In late January 1969 Edwards deployed to WestPac again to operate off Vietnam. She returned to San Diego 13 August 1969, until being decommissioned at Long Beach, California on 27 February 1970. She immediately entered Long Beach Naval Shipyard and underwent ASW modernization. By December, she was participating in sea trials in anticipation of her recommissioning, which occurred 15 January 1971. She embarked 4 March for Pearl Harbor, Hawaii, her new home port, and continued operations in that vicinity until April 1972.
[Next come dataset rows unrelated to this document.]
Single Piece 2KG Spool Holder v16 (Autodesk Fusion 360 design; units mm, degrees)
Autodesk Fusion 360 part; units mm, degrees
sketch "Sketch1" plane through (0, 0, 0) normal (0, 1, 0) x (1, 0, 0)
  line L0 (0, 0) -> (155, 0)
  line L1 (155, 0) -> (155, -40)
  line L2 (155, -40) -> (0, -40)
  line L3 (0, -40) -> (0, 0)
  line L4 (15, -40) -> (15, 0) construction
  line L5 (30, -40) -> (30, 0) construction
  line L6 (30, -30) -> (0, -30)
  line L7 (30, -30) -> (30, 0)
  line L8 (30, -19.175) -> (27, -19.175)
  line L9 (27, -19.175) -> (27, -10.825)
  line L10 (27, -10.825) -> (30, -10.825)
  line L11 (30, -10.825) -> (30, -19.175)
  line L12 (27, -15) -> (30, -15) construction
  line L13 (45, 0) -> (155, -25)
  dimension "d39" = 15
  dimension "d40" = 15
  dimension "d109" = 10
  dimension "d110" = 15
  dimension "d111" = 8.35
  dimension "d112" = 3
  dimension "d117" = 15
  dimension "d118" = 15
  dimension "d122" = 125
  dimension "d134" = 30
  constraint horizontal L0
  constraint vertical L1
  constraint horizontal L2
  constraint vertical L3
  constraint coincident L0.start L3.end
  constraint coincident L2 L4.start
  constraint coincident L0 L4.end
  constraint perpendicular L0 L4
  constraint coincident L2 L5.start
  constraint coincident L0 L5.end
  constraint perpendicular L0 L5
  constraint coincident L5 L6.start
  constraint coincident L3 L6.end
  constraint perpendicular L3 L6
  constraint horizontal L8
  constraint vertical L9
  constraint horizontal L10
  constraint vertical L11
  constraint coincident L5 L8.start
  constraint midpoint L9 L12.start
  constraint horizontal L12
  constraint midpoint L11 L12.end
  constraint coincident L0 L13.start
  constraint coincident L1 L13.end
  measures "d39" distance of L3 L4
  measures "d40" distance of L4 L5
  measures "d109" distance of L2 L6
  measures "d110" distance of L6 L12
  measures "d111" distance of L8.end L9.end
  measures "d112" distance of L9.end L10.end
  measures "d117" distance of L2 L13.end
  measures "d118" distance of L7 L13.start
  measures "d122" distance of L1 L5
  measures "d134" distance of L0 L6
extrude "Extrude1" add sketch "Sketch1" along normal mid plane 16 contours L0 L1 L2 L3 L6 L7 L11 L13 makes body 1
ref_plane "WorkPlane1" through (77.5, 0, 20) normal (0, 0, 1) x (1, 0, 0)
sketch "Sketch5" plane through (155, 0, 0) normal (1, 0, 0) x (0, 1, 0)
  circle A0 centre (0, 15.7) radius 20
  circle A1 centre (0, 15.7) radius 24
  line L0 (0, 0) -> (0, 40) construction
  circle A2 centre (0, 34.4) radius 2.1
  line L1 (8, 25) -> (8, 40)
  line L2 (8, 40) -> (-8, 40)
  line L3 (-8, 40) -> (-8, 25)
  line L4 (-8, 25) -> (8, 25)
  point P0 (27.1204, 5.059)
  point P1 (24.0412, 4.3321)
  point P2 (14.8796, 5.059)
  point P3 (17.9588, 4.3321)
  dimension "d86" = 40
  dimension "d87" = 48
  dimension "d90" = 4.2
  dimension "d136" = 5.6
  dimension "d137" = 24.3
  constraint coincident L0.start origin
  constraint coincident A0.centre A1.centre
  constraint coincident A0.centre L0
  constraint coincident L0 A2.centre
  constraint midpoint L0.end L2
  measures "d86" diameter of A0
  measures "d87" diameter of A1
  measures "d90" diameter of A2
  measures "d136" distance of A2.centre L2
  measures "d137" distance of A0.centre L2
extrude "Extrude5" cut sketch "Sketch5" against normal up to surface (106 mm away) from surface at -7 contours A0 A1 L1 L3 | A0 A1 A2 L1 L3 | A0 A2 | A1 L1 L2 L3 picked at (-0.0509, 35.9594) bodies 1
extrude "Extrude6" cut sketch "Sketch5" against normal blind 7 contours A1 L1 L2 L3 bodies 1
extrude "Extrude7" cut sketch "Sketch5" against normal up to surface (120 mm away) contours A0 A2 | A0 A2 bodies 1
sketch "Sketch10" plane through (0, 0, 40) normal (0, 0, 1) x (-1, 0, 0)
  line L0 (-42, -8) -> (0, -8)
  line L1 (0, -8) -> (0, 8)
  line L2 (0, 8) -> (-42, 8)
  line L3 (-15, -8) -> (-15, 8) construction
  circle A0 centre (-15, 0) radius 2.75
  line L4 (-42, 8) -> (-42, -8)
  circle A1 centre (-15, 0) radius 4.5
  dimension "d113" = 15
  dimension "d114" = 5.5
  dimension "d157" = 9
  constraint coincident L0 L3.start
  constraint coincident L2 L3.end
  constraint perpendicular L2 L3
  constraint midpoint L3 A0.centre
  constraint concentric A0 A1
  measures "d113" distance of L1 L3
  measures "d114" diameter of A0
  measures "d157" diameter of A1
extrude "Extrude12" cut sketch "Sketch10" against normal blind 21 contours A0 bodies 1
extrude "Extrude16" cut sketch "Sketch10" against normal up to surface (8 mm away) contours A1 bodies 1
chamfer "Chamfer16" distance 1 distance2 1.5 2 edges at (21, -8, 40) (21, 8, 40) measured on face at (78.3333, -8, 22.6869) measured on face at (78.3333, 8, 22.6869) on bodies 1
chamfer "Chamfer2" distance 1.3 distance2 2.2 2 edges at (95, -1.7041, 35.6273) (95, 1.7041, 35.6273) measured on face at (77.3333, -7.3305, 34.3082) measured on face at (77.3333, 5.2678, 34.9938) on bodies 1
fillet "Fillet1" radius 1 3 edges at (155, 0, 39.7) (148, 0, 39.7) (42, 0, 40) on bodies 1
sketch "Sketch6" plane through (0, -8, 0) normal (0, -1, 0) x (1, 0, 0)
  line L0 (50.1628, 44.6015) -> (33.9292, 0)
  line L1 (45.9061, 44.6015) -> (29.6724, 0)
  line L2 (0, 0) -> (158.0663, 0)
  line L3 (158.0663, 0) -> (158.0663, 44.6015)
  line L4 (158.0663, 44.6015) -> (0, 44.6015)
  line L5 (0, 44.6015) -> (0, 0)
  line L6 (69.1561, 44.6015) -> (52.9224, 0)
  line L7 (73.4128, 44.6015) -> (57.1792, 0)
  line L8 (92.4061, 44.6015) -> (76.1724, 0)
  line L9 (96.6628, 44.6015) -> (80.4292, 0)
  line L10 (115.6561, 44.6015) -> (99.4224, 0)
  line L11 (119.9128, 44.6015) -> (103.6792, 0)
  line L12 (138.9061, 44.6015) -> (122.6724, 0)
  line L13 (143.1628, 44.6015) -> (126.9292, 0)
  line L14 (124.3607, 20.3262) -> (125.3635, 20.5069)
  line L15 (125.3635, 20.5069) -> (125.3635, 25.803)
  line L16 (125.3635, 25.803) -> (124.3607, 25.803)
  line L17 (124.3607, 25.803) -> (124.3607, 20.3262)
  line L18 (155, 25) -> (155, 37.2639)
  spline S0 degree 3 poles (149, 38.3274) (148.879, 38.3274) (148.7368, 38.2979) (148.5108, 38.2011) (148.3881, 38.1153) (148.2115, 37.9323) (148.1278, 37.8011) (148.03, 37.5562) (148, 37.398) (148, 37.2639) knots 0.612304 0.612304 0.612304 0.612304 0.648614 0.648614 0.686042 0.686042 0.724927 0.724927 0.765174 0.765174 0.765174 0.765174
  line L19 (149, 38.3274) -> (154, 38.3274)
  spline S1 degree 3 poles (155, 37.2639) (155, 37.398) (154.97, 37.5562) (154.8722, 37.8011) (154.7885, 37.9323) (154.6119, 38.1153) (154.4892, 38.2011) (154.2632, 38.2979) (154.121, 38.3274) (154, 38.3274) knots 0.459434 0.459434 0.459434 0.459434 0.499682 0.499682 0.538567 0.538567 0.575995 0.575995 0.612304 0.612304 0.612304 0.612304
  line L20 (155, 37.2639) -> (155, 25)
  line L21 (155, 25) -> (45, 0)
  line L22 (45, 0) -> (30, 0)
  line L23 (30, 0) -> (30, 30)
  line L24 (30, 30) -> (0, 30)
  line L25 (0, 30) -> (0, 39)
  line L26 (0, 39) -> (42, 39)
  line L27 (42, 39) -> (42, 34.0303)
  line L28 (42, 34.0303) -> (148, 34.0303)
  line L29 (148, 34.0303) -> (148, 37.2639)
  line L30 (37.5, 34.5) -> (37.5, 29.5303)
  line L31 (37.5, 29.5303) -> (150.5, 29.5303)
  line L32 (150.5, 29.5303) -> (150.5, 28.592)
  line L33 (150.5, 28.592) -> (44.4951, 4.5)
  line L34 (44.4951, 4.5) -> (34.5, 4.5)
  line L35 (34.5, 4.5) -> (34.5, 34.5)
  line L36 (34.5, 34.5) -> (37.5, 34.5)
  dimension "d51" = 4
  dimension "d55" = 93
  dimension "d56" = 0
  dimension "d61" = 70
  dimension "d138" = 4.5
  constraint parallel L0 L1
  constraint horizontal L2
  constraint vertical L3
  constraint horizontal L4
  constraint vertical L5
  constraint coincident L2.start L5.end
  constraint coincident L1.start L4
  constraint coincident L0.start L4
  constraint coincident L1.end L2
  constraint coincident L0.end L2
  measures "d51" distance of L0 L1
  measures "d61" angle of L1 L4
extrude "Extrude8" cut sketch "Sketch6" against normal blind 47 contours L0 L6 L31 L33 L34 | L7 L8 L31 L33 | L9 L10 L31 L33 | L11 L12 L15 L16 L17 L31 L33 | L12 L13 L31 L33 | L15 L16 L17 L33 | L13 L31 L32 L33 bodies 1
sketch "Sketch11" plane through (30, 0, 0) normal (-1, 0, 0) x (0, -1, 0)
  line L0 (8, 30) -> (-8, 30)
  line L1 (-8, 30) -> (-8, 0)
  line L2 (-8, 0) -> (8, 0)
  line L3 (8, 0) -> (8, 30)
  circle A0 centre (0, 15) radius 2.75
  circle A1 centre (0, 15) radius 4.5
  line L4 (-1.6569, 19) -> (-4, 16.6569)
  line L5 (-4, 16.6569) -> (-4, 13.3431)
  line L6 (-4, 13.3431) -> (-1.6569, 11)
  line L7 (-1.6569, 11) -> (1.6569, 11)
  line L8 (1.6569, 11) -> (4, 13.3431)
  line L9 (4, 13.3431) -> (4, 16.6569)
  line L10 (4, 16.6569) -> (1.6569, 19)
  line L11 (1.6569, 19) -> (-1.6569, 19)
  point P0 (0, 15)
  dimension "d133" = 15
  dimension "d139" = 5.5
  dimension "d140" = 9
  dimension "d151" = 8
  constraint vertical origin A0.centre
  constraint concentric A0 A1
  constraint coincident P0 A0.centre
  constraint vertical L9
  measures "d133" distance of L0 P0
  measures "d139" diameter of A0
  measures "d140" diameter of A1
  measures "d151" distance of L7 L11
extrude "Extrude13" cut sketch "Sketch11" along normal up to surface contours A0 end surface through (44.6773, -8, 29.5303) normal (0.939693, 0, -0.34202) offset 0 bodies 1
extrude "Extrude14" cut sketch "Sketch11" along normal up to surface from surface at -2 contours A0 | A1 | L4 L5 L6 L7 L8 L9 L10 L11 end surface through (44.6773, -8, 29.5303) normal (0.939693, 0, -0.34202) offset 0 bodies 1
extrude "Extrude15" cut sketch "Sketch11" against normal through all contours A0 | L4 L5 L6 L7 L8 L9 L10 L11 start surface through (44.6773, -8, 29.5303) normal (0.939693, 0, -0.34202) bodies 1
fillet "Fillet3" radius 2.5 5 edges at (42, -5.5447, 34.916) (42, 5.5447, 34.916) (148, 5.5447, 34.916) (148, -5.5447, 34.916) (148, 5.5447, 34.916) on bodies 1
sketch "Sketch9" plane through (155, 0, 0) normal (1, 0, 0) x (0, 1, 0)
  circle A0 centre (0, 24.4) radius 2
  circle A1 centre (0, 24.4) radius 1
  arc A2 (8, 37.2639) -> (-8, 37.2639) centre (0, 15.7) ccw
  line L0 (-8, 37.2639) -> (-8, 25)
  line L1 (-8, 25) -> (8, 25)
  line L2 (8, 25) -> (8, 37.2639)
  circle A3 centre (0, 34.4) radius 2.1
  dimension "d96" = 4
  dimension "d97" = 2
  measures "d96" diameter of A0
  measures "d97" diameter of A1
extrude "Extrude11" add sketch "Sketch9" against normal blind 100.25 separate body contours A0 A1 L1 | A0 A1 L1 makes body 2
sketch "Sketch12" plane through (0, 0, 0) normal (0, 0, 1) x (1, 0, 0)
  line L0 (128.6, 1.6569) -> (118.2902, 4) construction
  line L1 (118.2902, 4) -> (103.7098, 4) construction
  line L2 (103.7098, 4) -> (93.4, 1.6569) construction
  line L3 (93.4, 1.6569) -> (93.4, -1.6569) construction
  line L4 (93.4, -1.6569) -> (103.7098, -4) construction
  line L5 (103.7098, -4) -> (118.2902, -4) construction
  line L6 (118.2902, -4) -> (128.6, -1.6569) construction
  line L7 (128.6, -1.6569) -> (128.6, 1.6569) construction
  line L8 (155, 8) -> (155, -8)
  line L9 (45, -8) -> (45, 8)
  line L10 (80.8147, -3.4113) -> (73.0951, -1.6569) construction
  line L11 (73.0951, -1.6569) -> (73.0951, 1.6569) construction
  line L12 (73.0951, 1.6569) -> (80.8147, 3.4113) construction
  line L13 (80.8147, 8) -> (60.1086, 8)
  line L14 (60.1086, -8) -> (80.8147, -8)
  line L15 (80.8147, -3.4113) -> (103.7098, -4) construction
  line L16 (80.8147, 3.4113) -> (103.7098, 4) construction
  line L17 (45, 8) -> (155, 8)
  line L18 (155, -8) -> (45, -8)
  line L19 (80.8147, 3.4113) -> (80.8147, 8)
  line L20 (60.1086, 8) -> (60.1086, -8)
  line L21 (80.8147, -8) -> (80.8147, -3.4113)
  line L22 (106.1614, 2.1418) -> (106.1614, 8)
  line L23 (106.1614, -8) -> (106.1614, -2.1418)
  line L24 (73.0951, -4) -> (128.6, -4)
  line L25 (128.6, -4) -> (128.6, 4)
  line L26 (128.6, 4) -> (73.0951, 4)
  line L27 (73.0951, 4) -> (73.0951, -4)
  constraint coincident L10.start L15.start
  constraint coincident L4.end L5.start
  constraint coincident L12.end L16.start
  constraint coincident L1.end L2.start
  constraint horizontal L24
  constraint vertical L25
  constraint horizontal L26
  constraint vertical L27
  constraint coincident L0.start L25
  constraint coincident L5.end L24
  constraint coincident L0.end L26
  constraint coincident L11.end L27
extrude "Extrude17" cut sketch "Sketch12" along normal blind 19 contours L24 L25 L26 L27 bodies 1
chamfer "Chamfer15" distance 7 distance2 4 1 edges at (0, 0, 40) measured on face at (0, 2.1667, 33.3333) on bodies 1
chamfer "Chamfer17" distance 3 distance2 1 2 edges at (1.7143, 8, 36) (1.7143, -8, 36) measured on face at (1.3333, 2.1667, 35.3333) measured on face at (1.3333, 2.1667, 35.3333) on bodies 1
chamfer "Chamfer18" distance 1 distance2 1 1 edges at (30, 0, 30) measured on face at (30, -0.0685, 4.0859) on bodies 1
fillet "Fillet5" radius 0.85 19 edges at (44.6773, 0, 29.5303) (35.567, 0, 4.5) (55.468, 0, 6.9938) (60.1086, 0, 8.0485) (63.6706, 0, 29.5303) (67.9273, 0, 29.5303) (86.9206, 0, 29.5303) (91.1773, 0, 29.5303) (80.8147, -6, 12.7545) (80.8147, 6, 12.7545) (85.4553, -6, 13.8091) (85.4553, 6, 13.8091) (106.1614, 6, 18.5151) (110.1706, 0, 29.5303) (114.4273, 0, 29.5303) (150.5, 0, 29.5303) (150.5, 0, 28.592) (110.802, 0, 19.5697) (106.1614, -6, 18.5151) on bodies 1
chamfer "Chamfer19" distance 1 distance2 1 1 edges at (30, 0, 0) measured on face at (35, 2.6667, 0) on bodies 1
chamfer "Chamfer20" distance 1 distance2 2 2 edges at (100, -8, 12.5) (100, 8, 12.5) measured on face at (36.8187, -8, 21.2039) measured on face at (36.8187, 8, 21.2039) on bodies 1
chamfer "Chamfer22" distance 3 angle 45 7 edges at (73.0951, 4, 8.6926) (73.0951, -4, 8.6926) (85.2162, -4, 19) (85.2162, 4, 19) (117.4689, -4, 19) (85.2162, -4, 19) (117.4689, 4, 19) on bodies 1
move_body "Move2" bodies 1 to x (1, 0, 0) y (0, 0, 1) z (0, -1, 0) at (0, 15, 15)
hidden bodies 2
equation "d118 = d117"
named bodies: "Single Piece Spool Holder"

Receiving only 72 hours notice, Edwards sailed from Pearl Harbor 10 April 1972 for the western Pacific and deployment off the Vietnamese coast. On 9 May 1972, Edwards led the gunfire strike that preceded the Operation Pocket Money mining of Haiphong Harbor. She remained in the area, either on the gunline or cruising with the carriers as escort and plane-guard, until November. She returned to Pearl Harbor on 10 November 1972, operating out of that port until decommissioned on 15 December 1982.

Richard S. Edwards received six battle stars for service off Vietnam.

==Fate==
She was decommissioned 15 December 1982, stricken 7 February 1990, and sunk as a target ship off the coast of Kauai on 10 April 1997, or may be 12 May 1997.